PROMPT:
Where does the word "Bolt" show up in the records? Copy every line that holds it.

- Opening Delimiter -

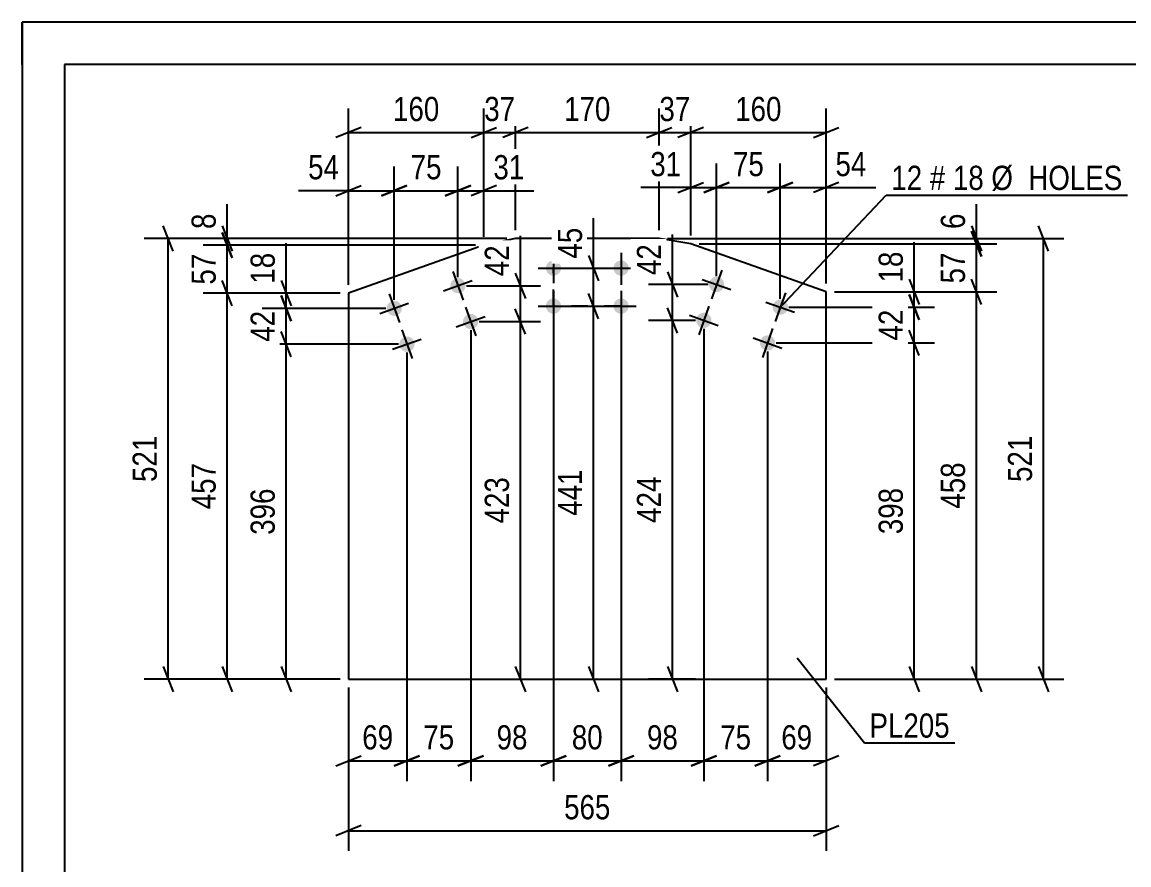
# Model space of a CAD drawing. Header units: millimetres. Extents: x 0 to 420, y 0 to 297.
# Drawn here: x 0 to 131, y 197.3 to 297 of the extents above; entities that cross this region are included whole.
import ezdxf

# ---------------------------------------------------------------- set-up
doc = ezdxf.new("R2010")
doc.units = ezdxf.units.MM
doc.linetypes.add('DXK_LINE_DOT2', pattern=[3.9198, 1.9599, -1.9599])
doc.styles.add('Arial Narrow', font='ARIALN.TTF', dxfattribs={"height": 0.2})

# ---------------------------------------------------------------- blocks, each defined once
blk = doc.blocks.new('Unknown-317913767-1115')
at = {"color": 5, "linetype": 'Continuous'}
for p, q in [((420, 297), (0, 297)), ((0, 297), (0, 0)), ((0, 292), (0, 297)), ((415, 292), (5, 292)), ((5, 292), (5, 5))]:
    blk.add_line(p, q, dxfattribs=at)
blk = doc.blocks.new('Bolt-317913767-2755 - 2744')
at = {"linetype": 'Continuous'}
for points in [[(63.79, 267.89, -1), (61.99, 267.89, -1)], [(71.79, 267.89, -1), (69.99, 267.89, -1)], [(63.79, 263.39, -1), (61.99, 263.39, -1)], [(71.79, 263.39, -1), (69.99, 263.39, -1)]]:
    blk.add_hatch(color=1, dxfattribs=at).paths.add_polyline_path(points)
at = {"color": 1, "linetype": 'Continuous'}
for p, q in [((62.89, 269.69), (62.89, 266.09)), ((70.89, 269.69), (70.89, 266.09)), ((61.09, 267.89), (64.69, 267.89)), ((69.09, 267.89), (72.69, 267.89)), ((62.89, 265.19), (62.89, 261.59)), ((70.89, 265.19), (70.89, 261.59)), ((61.09, 263.39), (64.69, 263.39)), ((69.09, 263.39), (72.69, 263.39))]:
    blk.add_line(p, q, dxfattribs=at)
blk = doc.blocks.new('Bolt-317913767-2750 - 2744')
at = {"linetype": 'Continuous'}
for points in [[(52.43, 266.11, -1), (50.74, 265.51, -1)], [(44.89, 263.43, -1), (43.2, 262.83, -1)], [(53.94, 261.87, -1), (52.24, 261.26, -1)], [(46.4, 259.19, -1), (44.7, 258.59, -1)]]:
    blk.add_hatch(color=1, dxfattribs=at).paths.add_polyline_path(points)
at = {"color": 1, "linetype": 'Continuous'}
for p, q in [((50.98, 267.5), (52.19, 264.11)), ((49.89, 265.2), (53.28, 266.41)), ((43.44, 264.83), (44.65, 261.44)), ((42.35, 262.53), (45.74, 263.73)), ((51.39, 260.96), (54.79, 262.17)), ((52.49, 263.26), (53.69, 259.87)), ((43.85, 258.29), (47.25, 259.49)), ((44.95, 260.59), (46.15, 257.19))]:
    blk.add_line(p, q, dxfattribs=at)
blk = doc.blocks.new('Bolt-317913767-2760 - 2744')
at = {"linetype": 'Continuous'}
for points in [[(83.05, 265.65, -1), (81.35, 266.25, -1)], [(90.59, 262.97, -1), (88.89, 263.57, -1)], [(81.54, 261.4, -1), (79.84, 262.01, -1)], [(89.08, 258.73, -1), (87.38, 259.33, -1)]]:
    blk.add_hatch(color=1, dxfattribs=at).paths.add_polyline_path(points)
at = {"color": 1, "linetype": 'Continuous'}
for p, q in [((82.8, 267.64), (81.6, 264.25)), ((80.5, 266.55), (83.89, 265.34)), ((90.34, 264.97), (89.14, 261.57)), ((81.29, 263.4), (80.09, 260.01)), ((88.04, 263.87), (91.43, 262.67)), ((79, 262.31), (82.39, 261.1)), ((88.83, 260.73), (87.63, 257.33)), ((86.54, 259.63), (89.93, 258.43))]:
    blk.add_line(p, q, dxfattribs=at)
blk = doc.blocks.new('Part-317913767-2775 - 2744')
at = {"color": 2, "linetype": 'Continuous'}
for p, q in [((58.39, 271.39), (54.66, 270.61)), ((75.39, 271.39), (58.39, 271.39)), ((79.13, 270.75), (75.39, 271.39)), ((54.66, 270.61), (38.63, 264.93)), ((95.15, 265.07), (79.13, 270.75)), ((38.63, 264.93), (38.63, 219.26)), ((95.15, 219.26), (95.15, 265.07)), ((38.63, 219.26), (95.15, 219.26))]:
    blk.add_line(p, q, dxfattribs=at)
blk = doc.blocks.new('Rectangle-317913767-3129 - 2744')
at = {"color": 1, "linetype": 'DXK_LINE_DOT2'}
blk.add_lwpolyline([(62.89, 267.89), (70.89, 267.89), (70.89, 263.39), (62.89, 263.39), (62.89, 267.89)], close=True, dxfattribs=at)
blk = doc.blocks.new('StraightDimension-317913767-2967 - 2744')
at = {"color": 7, "linetype": 'Continuous'}
for p, q in [((68.22, 261.89), (67.02, 264.89)), ((63.89, 263.39), (70.02, 263.39)), ((67.62, 219.26), (67.62, 263.39)), ((67.02, 220.76), (68.22, 217.76)), ((63.89, 219.26), (70.02, 219.26))]:
    blk.add_line(p, q, dxfattribs=at)
at = {"color": 0}
blk.add_wipeout([(66.87, 244.67), (62.67, 244.67), (62.67, 237.98), (66.87, 237.98)], dxfattribs=at)
at = {"color": 3, "style": 'Arial Narrow'}
blk.add_text('441', height=2.863, rotation=90.0002, dxfattribs=at).set_placement((66.27, 238.58))
blk = doc.blocks.new('StraightDimension-317913767-2824 - 2744')
at = {"color": 7, "linetype": 'Continuous'}
for p, q in [((105.59, 265.07), (105.59, 270.97)), ((105.59, 265.07), (105.59, 270.97)), ((104.99, 266.57), (106.19, 263.57)), ((96.15, 265.07), (107.99, 265.07)), ((106.19, 261.77), (104.99, 264.77)), ((105.59, 263.27), (105.59, 265.07)), ((90.74, 263.27), (107.99, 263.27))]:
    blk.add_line(p, q, dxfattribs=at)
at = {"color": 0}
blk.add_wipeout([(104.84, 270.45), (100.64, 270.45), (100.64, 265.59), (104.84, 265.59)], dxfattribs=at)
at = {"color": 3, "style": 'Arial Narrow'}
blk.add_text('18', height=2.863, rotation=90.0002, dxfattribs=at).set_placement((104.24, 266.19))
blk = doc.blocks.new('StraightDimension-317913767-2870 - 2744')
at = {"color": 7, "linetype": 'Continuous'}
for p, q in [((23.66, 272.11), (24.86, 269.11)), ((53.66, 270.61), (21.41, 270.61)), ((24.26, 264.93), (24.26, 270.61)), ((24.86, 263.43), (23.66, 266.43)), ((37.63, 264.93), (21.41, 264.93))]:
    blk.add_line(p, q, dxfattribs=at)
at = {"color": 0}
blk.add_wipeout([(23.51, 270.2), (19.31, 270.2), (19.31, 265.34), (23.51, 265.34)], dxfattribs=at)
at = {"color": 3, "style": 'Arial Narrow'}
blk.add_text('57', height=2.863, rotation=90.0002, dxfattribs=at).set_placement((22.91, 265.94))
blk = doc.blocks.new('StraightDimension-317913767-2777 - 2744')
at = {"color": 7, "linetype": 'Continuous'}
for p, q in [((121.49, 269.89), (120.29, 272.89)), ((76.39, 271.39), (123.29, 271.39)), ((120.89, 219.26), (120.89, 271.39)), ((120.29, 220.76), (121.49, 217.76)), ((96.15, 219.26), (123.29, 219.26))]:
    blk.add_line(p, q, dxfattribs=at)
at = {"color": 0}
blk.add_wipeout([(120.14, 248.67), (115.94, 248.67), (115.94, 241.98), (120.14, 241.98)], dxfattribs=at)
at = {"color": 3, "style": 'Arial Narrow'}
blk.add_text('521', height=2.863, rotation=90.0002, dxfattribs=at).set_placement((119.54, 242.58))
blk = doc.blocks.new('StraightDimension-317913767-2786 - 2744')
at = {"color": 7, "linetype": 'Continuous'}
for p, q in [((31.85, 257.39), (30.65, 260.39)), ((44.55, 258.89), (28.4, 258.89)), ((31.25, 219.26), (31.25, 258.89)), ((30.65, 220.76), (31.85, 217.76)), ((37.63, 219.26), (28.4, 219.26))]:
    blk.add_line(p, q, dxfattribs=at)
at = {"color": 0}
blk.add_wipeout([(30.5, 242.42), (26.3, 242.42), (26.3, 235.73), (30.5, 235.73)], dxfattribs=at)
at = {"color": 3, "style": 'Arial Narrow'}
blk.add_text('396', height=2.863, rotation=90.0002, dxfattribs=at).set_placement((29.9, 236.33))
blk = doc.blocks.new('StraightDimension-317913767-2792 - 2744')
at = {"color": 7, "linetype": 'Continuous'}
for p, q in [((30.65, 264.63), (31.85, 261.63)), ((43.05, 263.13), (28.4, 263.13)), ((31.25, 258.89), (31.25, 263.13)), ((31.85, 257.39), (30.65, 260.39)), ((44.55, 258.89), (28.4, 258.89))]:
    blk.add_line(p, q, dxfattribs=at)
at = {"color": 0}
blk.add_wipeout([(30.5, 263.44), (26.3, 263.44), (26.3, 258.58), (30.5, 258.58)], dxfattribs=at)
at = {"color": 3, "style": 'Arial Narrow'}
blk.add_text('42', height=2.863, rotation=90.0002, dxfattribs=at).set_placement((29.9, 259.18))
blk = doc.blocks.new('StraightDimension-317913767-2943 - 2744')
at = {"color": 7, "linetype": 'Continuous'}
for p, q in [((77.58, 260.2), (76.38, 263.2)), ((79.69, 261.7), (74.13, 261.7)), ((76.98, 219.26), (76.98, 261.7)), ((76.38, 220.76), (77.58, 217.76)), ((79.69, 219.26), (74.13, 219.26))]:
    blk.add_line(p, q, dxfattribs=at)
at = {"color": 0}
blk.add_wipeout([(76.23, 243.83), (72.03, 243.83), (72.03, 237.14), (76.23, 237.14)], dxfattribs=at)
at = {"color": 3, "style": 'Arial Narrow'}
blk.add_text('424', height=2.863, rotation=90.0002, dxfattribs=at).set_placement((75.63, 237.74))
blk = doc.blocks.new('StraightDimension-317913767-2800 - 2744')
at = {"color": 7, "linetype": 'Continuous'}
for p, q in [((31.25, 264.93), (31.25, 270.83)), ((31.25, 264.93), (31.25, 270.83)), ((30.65, 266.43), (31.85, 263.43)), ((37.63, 264.93), (28.4, 264.93)), ((31.85, 261.63), (30.65, 264.63)), ((31.25, 263.13), (31.25, 264.93)), ((43.05, 263.13), (28.4, 263.13))]:
    blk.add_line(p, q, dxfattribs=at)
at = {"color": 0}
blk.add_wipeout([(30.5, 270.31), (26.3, 270.31), (26.3, 265.45), (30.5, 265.45)], dxfattribs=at)
at = {"color": 3, "style": 'Arial Narrow'}
blk.add_text('18', height=2.863, rotation=90.0002, dxfattribs=at).set_placement((29.9, 266.05))
blk = doc.blocks.new('StraightDimension-317913767-2810 - 2744')
at = {"color": 7, "linetype": 'Continuous'}
for p, q in [((106.19, 257.53), (104.99, 260.53)), ((89.23, 259.03), (107.99, 259.03)), ((105.59, 219.26), (105.59, 259.03)), ((104.99, 220.76), (106.19, 217.76)), ((96.15, 219.26), (107.99, 219.26))]:
    blk.add_line(p, q, dxfattribs=at)
at = {"color": 0}
blk.add_wipeout([(104.84, 242.49), (100.64, 242.49), (100.64, 235.8), (104.84, 235.8)], dxfattribs=at)
at = {"color": 3, "style": 'Arial Narrow'}
blk.add_text('398', height=2.863, rotation=90.0002, dxfattribs=at).set_placement((104.24, 236.4))
blk = doc.blocks.new('StraightDimension-317913767-2816 - 2744')
at = {"color": 7, "linetype": 'Continuous'}
for p, q in [((104.99, 264.77), (106.19, 261.77)), ((90.74, 263.27), (107.99, 263.27)), ((105.59, 259.03), (105.59, 263.27)), ((106.19, 257.53), (104.99, 260.53)), ((89.23, 259.03), (107.99, 259.03))]:
    blk.add_line(p, q, dxfattribs=at)
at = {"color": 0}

- Closing Delimiter -

RESULT:
blk = doc.blocks.new('Bolt-317913767-2755 - 2744')
blk = doc.blocks.new('Bolt-317913767-2750 - 2744')
blk = doc.blocks.new('Bolt-317913767-2760 - 2744')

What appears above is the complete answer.